# R32 GTR N1



## ahsam421 (Apr 26, 2003)

Hi Guys! is been 10 years that i sold my R32 GTR (to Yunis), it is always i regret selling but due to the cicumstances i didnt have much choice at the time. 

Today, i managed to secure a low mileage R32 GTR N1 ...yes the one with the ZN chassis code and I am so happy!!!!

Looking on the forum it seems that not many R32 for sale and the prices had one up a lot! i remb i sold my R32 late spec 1993 around 9k only 10 years ago!!

Anyway, hope to share more details with all you guys soon!!


----------



## ahsam421 (Apr 26, 2003)




----------



## CT17 (Mar 25, 2011)

Prices have sure gone up.

Welcome back.


----------



## RBnutz (May 7, 2012)

Judging by the Build plate that V-spec N1 is in very good condition, not to mention very rare! 

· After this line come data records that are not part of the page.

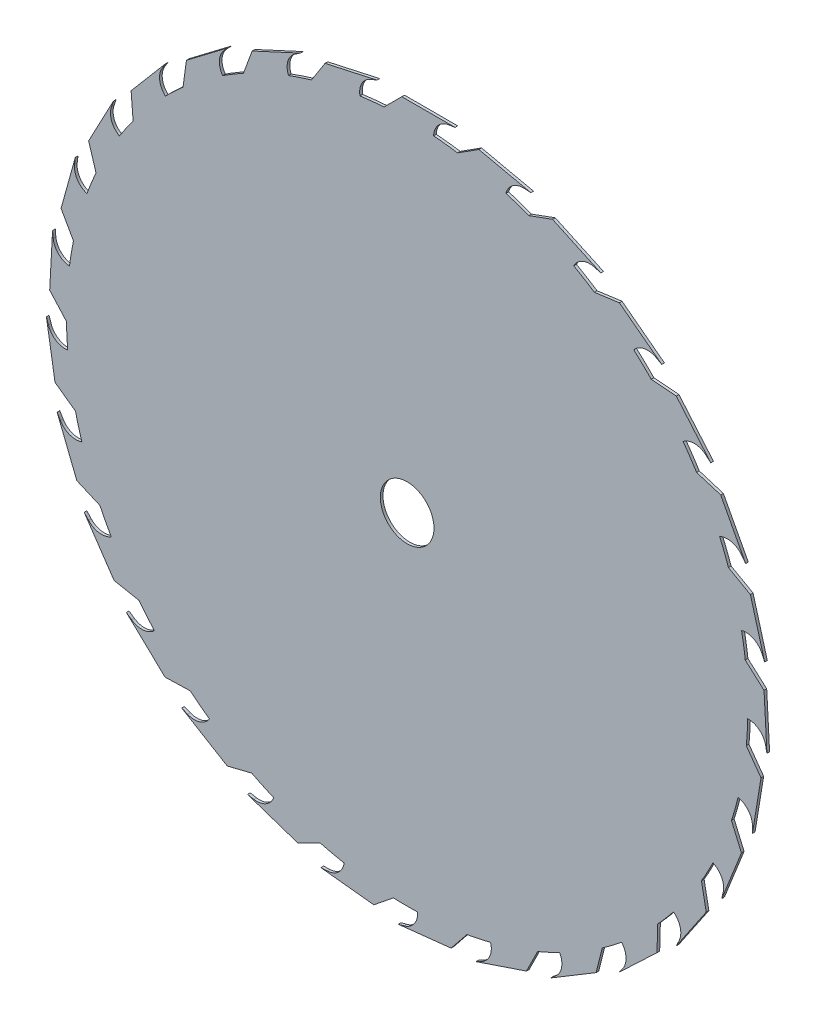
SolidWorks part; units mm, degrees
ref_plane "Front Plane" through (0, 0, 0) normal (0, 0, 1) x (1, 0, 0)
ref_plane "Top Plane" through (0, 0, 0) normal (0, 1, 0) x (1, 0, 0)
ref_plane "Right Plane" through (0, 0, 0) normal (1, 0, 0) x (0, 0, -1)
sketch "Sketch1" plane through (0, 0, 0) normal (0, 0, 1) x (1, 0, 0)
  circle A0 centre (0, 0) radius 203.2
  dimension "D1" = 406.4
extrude "Boss-Extrude1" add sketch "Sketch1" along normal blind 1.5875 contours A0
sketch "Sketch2" plane through (0, 0, 1.5875) normal (0, 0, 1) x (1, 0, 0)
  circle A0 centre (0, 0) radius 16.002
  dimension "D1" = 32.004
extrude "Cut-Extrude1" cut sketch "Sketch2" against normal up to next
sketch "Sketch4" plane through (0, 0, 1.5875) normal (0, 0, 1) x (1, 0, 0)
  line L0 (-15.875, 200.66) -> (-3.175, 213.36)
  line L1 (-3.175, 213.36) -> (28.575, 213.36)
  line L2 (28.575, 213.36) -> (24.8089, 212.7835)
  line L3 (15.875, 200.66) -> (-15.875, 200.66)
  arc A0 (24.8089, 212.7835) -> (15.875, 200.66) centre (26.4227, 202.2408) ccw
  point P8 (0, 200.66)
  dimension "D1" = 3.81
  dimension "D7" = 1.5808
  dimension "D2" = 31.75
  dimension "D3" = 12.7
  dimension "D4" = 31.75
  dimension "D5" = 213.36
  dimension "D6" = 45
extrude "Boss-Extrude2" add sketch "Sketch4" against normal up to surface (1.5875 mm away) up to face at (16.002, 0, 0)
pattern_circular "CirPattern1" count 29 over 360 about axis through (0, 0, 0) along (0, 0, 1) of "Boss-Extrude2"

Well done. :bowdown1::thumbsup:


----------



## ahsam421 (Apr 26, 2003)

RBnutz said:


> Judging by the Build plate that V-spec N1 is in very good condition, not to mention very rare!
> 
> Well done. :bowdown1::thumbsup:



:bowdown1::bowdown1: Yea you are very good at decoding and it is infact a V Spec N1. Ony 280 cars every made for the N1 model.


----------



## RBnutz (May 7, 2012)

ahsam421 said:


> :bowdown1::bowdown1: Yea you are very good at decoding and it is infact a V Spec N1. Ony 280 cars every made for the N1 model.


Haha why thank you! :chuckle: That may have something to do with spending the last 18 months looking for a r32 myself 


And I hate to burst you bubble, but there were not 280 R32 N1s built. It was only 228 :chuckle: Of which there were probably only 50-80 that were V-spec 


Looking forward to more pictures.


----------



## ahsam421 (Apr 26, 2003)

RBnutz said:


> Haha why thank you! :chuckle: That may have something to do with spending the last 18 months looking for a r32 myself
> 
> 
> And I hate to burst you bubble, but there were not 280 R32 N1s built. It was only 228 :chuckle: Of which there were probably only 50-80 that were V-spec
> ...


lol ok not complaining about the build number but i did paid a fair lot for this car as this is one legendary car that i always love. More photos will come later


----------



## RBnutz (May 7, 2012)

ahsam421 said:


> lol ok not complaining about the build number but i did paid a fair lot for this car as this is one legendary car that i always love. More photos will come later


:thumbsup:

I know the felling. I too have a special something on its way to me :clap:


----------



## Domo-kun (Mar 2, 2007)

Congrats, now let's see some pics! opcorn:


----------



## lightspeed (Jul 11, 2002)

More pics!
More pics!!
More pics!!!


----------



## davew (Apr 28, 2003)

We stripped one for parts a year or so back, alot of differences from stock 32's that the brochures dont tell you




RBnutz said:


> Haha why thank you! :chuckle: That may have something to do with spending the last 18 months looking for a r32 myself
> 
> 
> And I hate to burst you bubble, but there were not 280 R32 N1s built. It was only 228 :chuckle: Of which there were probably only 50-80 that were V-spec
> ...


----------



## markM3 (Jan 7, 2008)

PICS!!


----------



## RBnutz (May 7, 2012)

davew said:


> We stripped one for parts a year or so back, alot of differences from stock 32's that the brochures dont tell you


WHAT!!! :runaway:

I hope it was the result of a crash and unrepairable?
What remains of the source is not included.